Court Opinion

ID: 9545151
Source: CourtListenerOpinion
Date Created: 2023-08-07 17:07:15.888162+00
Date Added: 2024-06-11T15:14:11.534296
License: Public Domain

ELLETT, Justice
(concurring and dissenting) :
I concur in the holding that whether the money advanced by the plaintiffs to the defendant was a loan or an investment was a question for the trier of the fact to determine. The court on believable evidence having found for plaintiffs on this matter, we should affirm. However, the credit for $7,000 should not stand.
The plaintiffs needed money to buy a new house, and being unable to sell their old home or to borrow on it requested the defendant to get a loan for them. The loan could be secured only if the defendant were the borrower. Consequently, a deed was prepared and executed by the plaintiffs transferring the home to the defendant.
The best offer which plaintiffs had for the sale of the house was $10,000. However, defendant secured a loan in the face amount of $11,000 on his note and mortgage, from which $10,313, the net amount of the loan, was turned over to the plaintiffs.

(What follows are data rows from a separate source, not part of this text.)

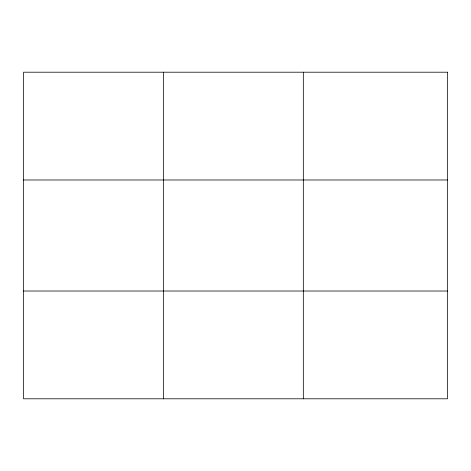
<?xml version="1.0" encoding="UTF-8"?>
<svg xmlns="http://www.w3.org/2000/svg" width="471" height="471" viewBox="0 0 471 471"><rect width="100%" height="100%" fill="white"/><g stroke="black" fill="none" stroke-linecap="round" stroke-linejoin="round"><path stroke-width="0.71" d="M163.437 398.796L163.437 72.204M303.324 398.796L303.324 72.204M23.55 179.981L447.45 179.981M23.55 291.019L447.45 291.019M447.45 72.204L447.45 398.796L23.55 398.796L23.55 72.204L447.45 72.204"/></g></svg>
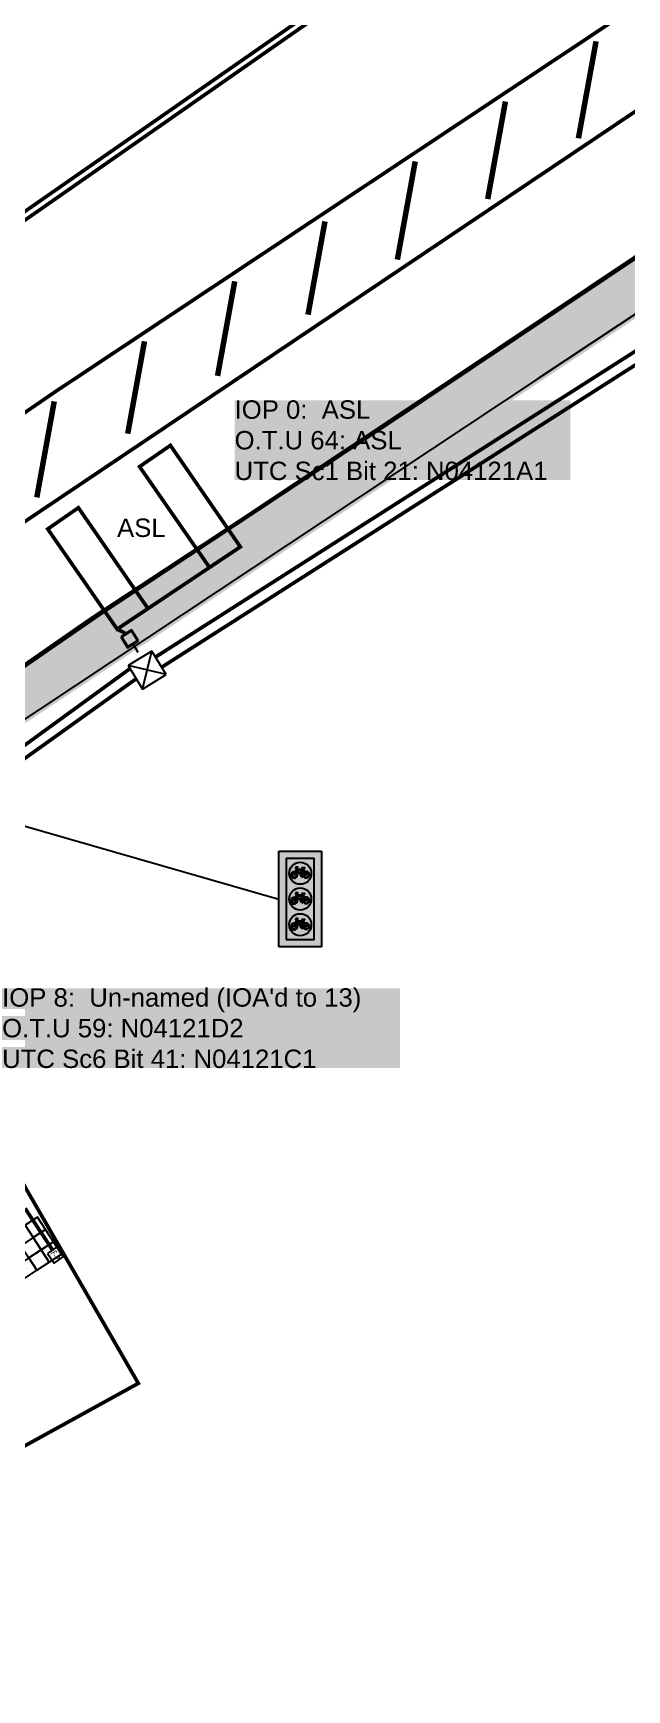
# Model space of a CAD drawing. Extents: x 375488 to 375825, y 165886 to 166087.
# Drawn here: x 375643.58 to 375659.71, y 165940.05 to 165985.07 of the extents above; entities that cross this region are included whole.
import ezdxf
from ezdxf.enums import TextEntityAlignment as Align

# ---------------------------------------------------------------- set-up
doc = ezdxf.new("R2010")
doc.units = 0
for name, pattern in [('1004', [6, 4, -2]), ('1041', [2, 1, 0, 1]), ('DASHED', [0.75, 0.5, -0.25]), ('DUCT1', [2, 1, -0.5, 0, -0.5]), ('LabelBoxStyle', [100, 100, 0]), ('LabelLeaderStyle', [100, 100, 0])]:
    doc.linetypes.add(name, pattern=pattern)
doc.layers.get('0').update_dxf_attribs({"linetype": 'CONTINUOUS'})
for name, color, linetype in [('00-Existing', 8, 'CONTINUOUS'), ('00-Prop', 7, 'CONTINUOUS'), ('00-Prop refreshed', 7, 'CONTINUOUS'), ('DATA', 7, 'CONTINUOUS'), ('ducts', 3, 'CONTINUOUS'), ('ELEC LOOPS NEW', 1, 'CONTINUOUS'), ('KTS_SIGNALS_Labels', 160, 'CONTINUOUS'), ('LIMITOFADOPTION', 193, 'DASHED'), ('LOOPS', 1, 'CONTINUOUS'), ('OUTER_BORDER', 7, 'CONTINUOUS'), ('Rd Marks White new', 7, 'CONTINUOUS'), ('SETOUT DIMS', 1, 'CONTINUOUS'), ('SIGNALS', 4, 'CONTINUOUS'), ('Tactpave', 10, 'CONTINUOUS')]:
    doc.layers.add(name, color=color, linetype=linetype)
doc.styles.add('KTS_tahoma', font='tahoma.ttf')
doc.styles.get("Standard").update_dxf_attribs({"font": 'romans.shx'})
doc.dimstyles.get("Standard").update_dxf_attribs({"dimtxt": 0.18, "dimasz": 0.18, "dimexe": 0.18, "dimexo": 0.0625, "dimgap": 0.09, "dimtad": 0, "dimtih": 1, "dimtoh": 1, "dimdec": 4, "dimzin": 0, "dimdsep": 46, "dimtxsty": 'Standard', "dimcen": 0.09, "dimadec": 0, "dimazin": 0, "dimtfac": 1, "dimtdec": 4, "dimtofl": 0, "dimtmove": 0, "dimatfit": 3, "dimfxl": 1, "dimtolj": 1, "dimtzin": 0, "dimarcsym": 0})

# ---------------------------------------------------------------- blocks, each defined once
blk = doc.blocks.new('TACTPBLK')
at = {"color": 0}
blk.add_line((0.5, 0.5), (0.5, 0.5), dxfattribs=at)
blk.add_lwpolyline([(0, 0), (1, 0), (1, 1), (0, 1)], close=True, dxfattribs=at)
blk = doc.blocks.new('JBOX9')
at = {"color": 0, "linetype": 'ByBlock'}
for p, q in [((0.175, 0.1), (-0.175, 0.1)), ((-0.175, 0.1), (-0.175, -0.25)), ((0.155, 0.08), (-0.155, 0.08)), ((-0.155, 0.08), (-0.155, -0.23)), ((0, 0.1), (0, 0.35)), ((0.155, -0.23), (0.155, 0.08)), ((0.175, -0.25), (0.175, 0.1)), ((-0.175, -0.25), (0.175, -0.25)), ((-0.155, -0.23), (0.155, -0.23))]:
    blk.add_line(p, q, dxfattribs=at)
blk = doc.blocks.new('fpillar')
at = {"color": 0, "linetype": 'ByBlock'}
blk.add_lwpolyline([(-0.63, -0.6), (0.63, -0.6), (0.63, 0.6), (-0.63, 0.6)], close=True, dxfattribs=at)
at = {"color": 0, "linetype": 'ByBlock', "style": 'KTS_tahoma', "width": 0.688555}
blk.add_text('F-P', height=0.75, dxfattribs=at).set_placement((-0.48, -0.39), (0.54, -0.39), align=Align.FIT)
at = {"layer": 'DATA', "flags": 9}
for tag, p in [('SUPPLYFUSED', (0.66, 13.31)), ('CABS', (0.66, 12.56)), ('FEEDFROM', (0.66, 12.94)), ('CABT', (0.66, 12.19)), ('CABL', (0.66, 11.06)), ('SC2CABREF', (0.66, 10.69)), ('PDT', (0.66, 11.81)), ('PDS', (0.66, 11.44)), ('SC2LOAD', (0.66, 10.31)), ('SC2FUSE', (0.66, 9.94)), ('SC1CABREF', (0.66, 9.56)), ('SC1LOAD', (0.66, 9.19)), ('SC1FUSE', (0.66, 8.81)), ('SCMESS', (0.66, 8.44)), ('CABL', (0.66, 7.31)), ('CABS', (0.66, 6.94)), ('PDS', (0.66, 8.06)), ('PDT', (0.66, 7.69)), ('VDROP', (0.66, 5.44)), ('CABT', (0.66, 6.56)), ('CABREF', (0.66, 5.81)), ('PHASEC', (0.66, 6.19)), ('ILEFUSE', (0.66, 5.06)), ('ACCLOAD', (0.66, 4.69)), ('ZE', (0.66, 3.94)), ('LAMPLOAD', (0.66, 4.31)), ('PSCC', (0.66, 3.56)), ('VLOAD', (0.66, 3.19)), ('AREA', (0.66, 1.69)), ('COMM3', (0.66, 2.81)), ('COMM2', (0.66, 2.44)), ('COMM1', (0.66, 2.06)), ('STREET', (0.66, 1.31)), ('SERVICE', (0.66, 0.19)), ('CONTROL', (0.66, -0.19)), ('LOC', (0.66, 0.94)), ('DIST', (0.66, 0.56)), ('TYPE', (0.66, -1.69)), ('STAT', (0.66, -2.06)), ('ROOT', (0.66, -1.31)), ('SCHNO', (0.66, -2.44)), ('EQUIPNO', (0.66, -2.81))]:
    blk.add_attdef(tag, p, '', height=0.375, dxfattribs=at)
blk = doc.blocks.new('JBOX8')
at = {"color": 0, "linetype": 'ByBlock'}
for p, q in [((0.375, 0.375), (-0.375, 0.375)), ((-0.375, 0.375), (-0.375, -0.375)), ((-0.375, 0.375), (0.375, -0.375)), ((0.375, 0.375), (-0.375, -0.375)), ((0.375, -0.375), (0.375, 0.375)), ((-0.375, -0.375), (0.375, -0.375))]:
    blk.add_line(p, q, dxfattribs=at)
blk = doc.blocks.new('*D249')
at = {"layer": 'SETOUT DIMS', "color": 0, "lineweight": -2, "transparency": 16777216}
blk.add_line((375639.184, 165957.227), (375638.103, 165956.962), dxfattribs=at)
at = {"layer": 'SETOUT DIMS', "color": 0, "transparency": 16777216}
blk.add_solid([(375638.089, 165957.018), (375638.117, 165956.905), (375637.763, 165956.878)], dxfattribs=at)
at = {"layer": 'SETOUT DIMS', "color": 0, "transparency": 16777216, "insert": (375639.974, 165957.227), "char_height": 0.35, "attachment_point": 5}
blk.add_mtext('\\A1;R22.5', dxfattribs=at)
blk = doc.blocks.new('Signal-Pic-077AD')
at = {"linetype": 'Continuous'}
h = blk.add_hatch(color=250, dxfattribs=at)
h.dxf.hatch_style = 1
edge = h.paths.add_edge_path(flags=16)
edge.add_arc((0, 0.55), 0.15, 0, 360)
edge = h.paths.add_edge_path(flags=16)
edge.add_arc((0, 0.2), 0.15, 0, 360)
h.paths.add_polyline_path([(-0.19, 0), (0.19, 0), (0.19, 1.1), (-0.19, 1.1)])
edge = h.paths.add_edge_path(flags=16)
edge.add_arc((0, 0.9), 0.15, 0, 360)
h = blk.add_hatch(color=251, dxfattribs=at)
edge = h.paths.add_edge_path(flags=0)
edge.add_arc((0.084, 0.88), 0.00263, -90, 30, ccw=False)
edge.add_line((0.084, 0.878), (0.05, 0.878))
edge.add_arc((0.083, 0.88), 0.033, 184.5624, 472.8192)
edge.add_line((0.07, 0.911), (0.087, 0.882))
edge = h.paths.add_edge_path(flags=0)
edge.add_arc((0.083, 0.88), 0.033, 127.1808, 175.4376)
edge.add_line((0.05, 0.883), (0.076, 0.883))
edge.add_line((0.076, 0.883), (0.063, 0.907))
edge = h.paths.add_edge_path(flags=0)
edge.add_arc((0.015, 0.88), 0.012, 0, 360)
edge = h.paths.add_edge_path(flags=0)
edge.add_line((0.025, 0.895), (0.042, 0.942))
edge.add_line((0.042, 0.942), (0.057, 0.916))
edge.add_arc((0.083, 0.88), 0.0435, 125.4414, 176.5404)
edge.add_line((0.039, 0.883), (0.032, 0.883))
edge.add_arc((0.015, 0.88), 0.0172, 8.7529, 56.1648)
edge = h.paths.add_edge_path(flags=16)
edge.add_line((0.028, 0.855), (0.023, 0.865))
edge.add_arc((0.015, 0.88), 0.0173, 298.7393, 351.2471)
edge.add_line((0.032, 0.878), (0.039, 0.878))
edge.add_arc((0.083, 0.88), 0.0435, 183.4596, 474.5586)
edge.add_line((0.064, 0.92), (0.046, 0.952))
edge.add_line((0.046, 0.952), (0.05, 0.964))
edge.add_arc((0.05, 0.976), 0.012, 270.1055, 345.7391)
edge.add_line((0.061, 0.973), (0.023, 0.973))
edge.add_arc((0.023, 0.97), 0.00225, 90, 257.5259)
edge.add_line((0.022, 0.968), (0.041, 0.964))
edge.add_line((0.041, 0.964), (0.036, 0.95))
edge.add_line((0.036, 0.95), (-0.049, 0.95))
edge.add_line((-0.049, 0.95), (-0.047, 0.959))
edge.add_arc((-0.056, 0.961), 0.009, 345, 417.8218)
edge.add_arc((-0.049, 0.972), 0.00375, 90, 237.8218, ccw=False)
edge.add_line((-0.049, 0.976), (-0.033, 0.976))
edge.add_line((-0.033, 0.976), (-0.033, 0.984))
edge.add_line((-0.033, 0.984), (-0.052, 0.984))
edge.add_arc((-0.052, 0.973), 0.0105, 90, 239.3256)
edge.add_arc((-0.061, 0.96), 0.00525, -15, 59.3256, ccw=False)
edge.add_line((-0.055, 0.958), (-0.066, 0.92))
edge.add_arc((-0.082, 0.88), 0.0435, 67.2016, 416.0137)
edge.add_line((-0.058, 0.916), (-0.056, 0.925))
edge.add_line((-0.056, 0.925), (-0.001, 0.887))
edge.add_arc((0.015, 0.88), 0.0173, 158.8352, 291.2607)
edge.add_line((0.021, 0.864), (0.026, 0.855))
edge.add_line((0.026, 0.855), (0.02, 0.855))
edge.add_line((0.02, 0.855), (0.02, 0.852))
edge.add_line((0.02, 0.852), (0.024, 0.852))
edge.add_arc((0.028, 0.853), 0.00375, 203.5782, 336.4218)
edge.add_line((0.031, 0.852), (0.035, 0.852))
edge.add_line((0.035, 0.852), (0.035, 0.855))
edge.add_line((0.035, 0.855), (0.028, 0.855))
edge = h.paths.add_edge_path(flags=0)
edge.add_arc((-0.101, 0.909), 0.0314, 302.8202, 345.2086)
edge.add_line((-0.071, 0.901), (-0.068, 0.91))
edge.add_arc((-0.082, 0.88), 0.033, 64.6966, 409.6047)
edge.add_line((-0.061, 0.905), (-0.064, 0.894))
edge.add_arc((-0.086, 0.9), 0.0225, 280.2604, 344.8205, ccw=False)
edge.add_arc((-0.082, 0.88), 0.003, 122.6427, 279.5978, ccw=False)
edge = h.paths.add_edge_path(flags=0)
edge.add_line((-0.001, 0.909), (-0.005, 0.909))
edge.add_line((-0.005, 0.909), (-0.005, 0.906))
edge.add_line((-0.005, 0.906), (0.002, 0.906))
edge.add_line((0.002, 0.906), (0.007, 0.895))
edge.add_arc((0.015, 0.88), 0.0173, 118.7393, 131.1648)
edge.add_line((0.004, 0.893), (-0.054, 0.933))
edge.add_line((-0.054, 0.933), (-0.051, 0.942))
edge.add_line((-0.051, 0.942), (0.033, 0.942))
edge.add_line((0.033, 0.942), (0.017, 0.897))
edge.add_arc((0.015, 0.88), 0.0172, 83.8352, 111.2607)
edge.add_line((0.009, 0.896), (0.004, 0.906))
edge.add_line((0.004, 0.906), (0.01, 0.906))
edge.add_line((0.01, 0.906), (0.01, 0.909))
edge.add_line((0.01, 0.909), (0.006, 0.909))
edge.add_arc((0.002, 0.907), 0.00375, 23.5782, 156.4218)
edge = h.paths.add_edge_path()
edge.add_arc((0, 0.9), 0.15, 0, 360)
h = blk.add_hatch(color=10, dxfattribs=at)
h.dxf.hatch_style = 1
edge = h.paths.add_edge_path(flags=16)
edge.add_arc((0.084, 0.88), 0.00263, -90, 30, ccw=False)
edge.add_line((0.084, 0.878), (0.05, 0.878))
edge.add_arc((0.083, 0.88), 0.033, 184.5624, 472.8192)
edge.add_line((0.07, 0.911), (0.087, 0.882))
edge = h.paths.add_edge_path(flags=16)
edge.add_arc((0.083, 0.88), 0.033, 127.1808, 175.4376)
edge.add_line((0.05, 0.883), (0.076, 0.883))
edge.add_line((0.076, 0.883), (0.063, 0.907))
edge = h.paths.add_edge_path(flags=16)
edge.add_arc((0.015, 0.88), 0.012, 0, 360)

Ultimately the defendant with his own money paid the note and had the mortgage released. The property then stood in his name. It appears that his actual cash outlay as a result of the transaction was as follows:
Additional insurance premium for updated insurance $ 99.00
Land and Title Insurance Policy 83.00
Interest on loan 1,527.88
Additional insurance policy for extended period of note 221.00
Payment of interest and principal of note 11,253.66
Commission on sale 240.00
City of Salina curbing and gutter assessment 48.00
One half of escrow fees 10.00
Miscellaneous costs of Tucker Real Estate 59.19
Total $13,541.73
In addition, he was required to spend considerable time and effort in connection with the transaction. At trial he claimed to own the property, and thinking that he had, like Ben Franklin of old, paid more for his whistle than it was worth, stated that he would be happy to get $7,000 cash for it.
*45The plaintiffs claimed that he held the place in trust for them and was simply their agent in securing the loan. The court gave judgment against the defendant for the money he had borrowed and also ordered him to transfer the title to the home back to plaintiffs. Then the court, claiming to take the defendant at his word, allowed him a credit for only $7,000, the amount he said he would be willing to sell the home for. That is, the court in holding him as trustee of the house for plaintiffs and finding that he had been only an agent for them in securing the loan, allowed him as a credit for the money he had actually paid out only the value of the plaintiffs’ house instead of the amount he had actually spent. The plaintiffs received $10,313 and stood no part of the cost of the loan nor paid any interest thereon.
This just does not make sense to me. Inasmuch as the court held him to be a mere trustee of the home, he could not sell it for $7,000 or for any other sum. If he was only the agent of the plaintiffs in getting the loan, it seems to me that justice would require that he be reimbursed for his total outlay in clearing the mortgage from the land.
I would remand the case with direction to the trial court to allow the defendant a credit for all of his outlay in the transaction and to consider whether any additional allowance should be made for his trouble. I would otherwise affirm the trial court.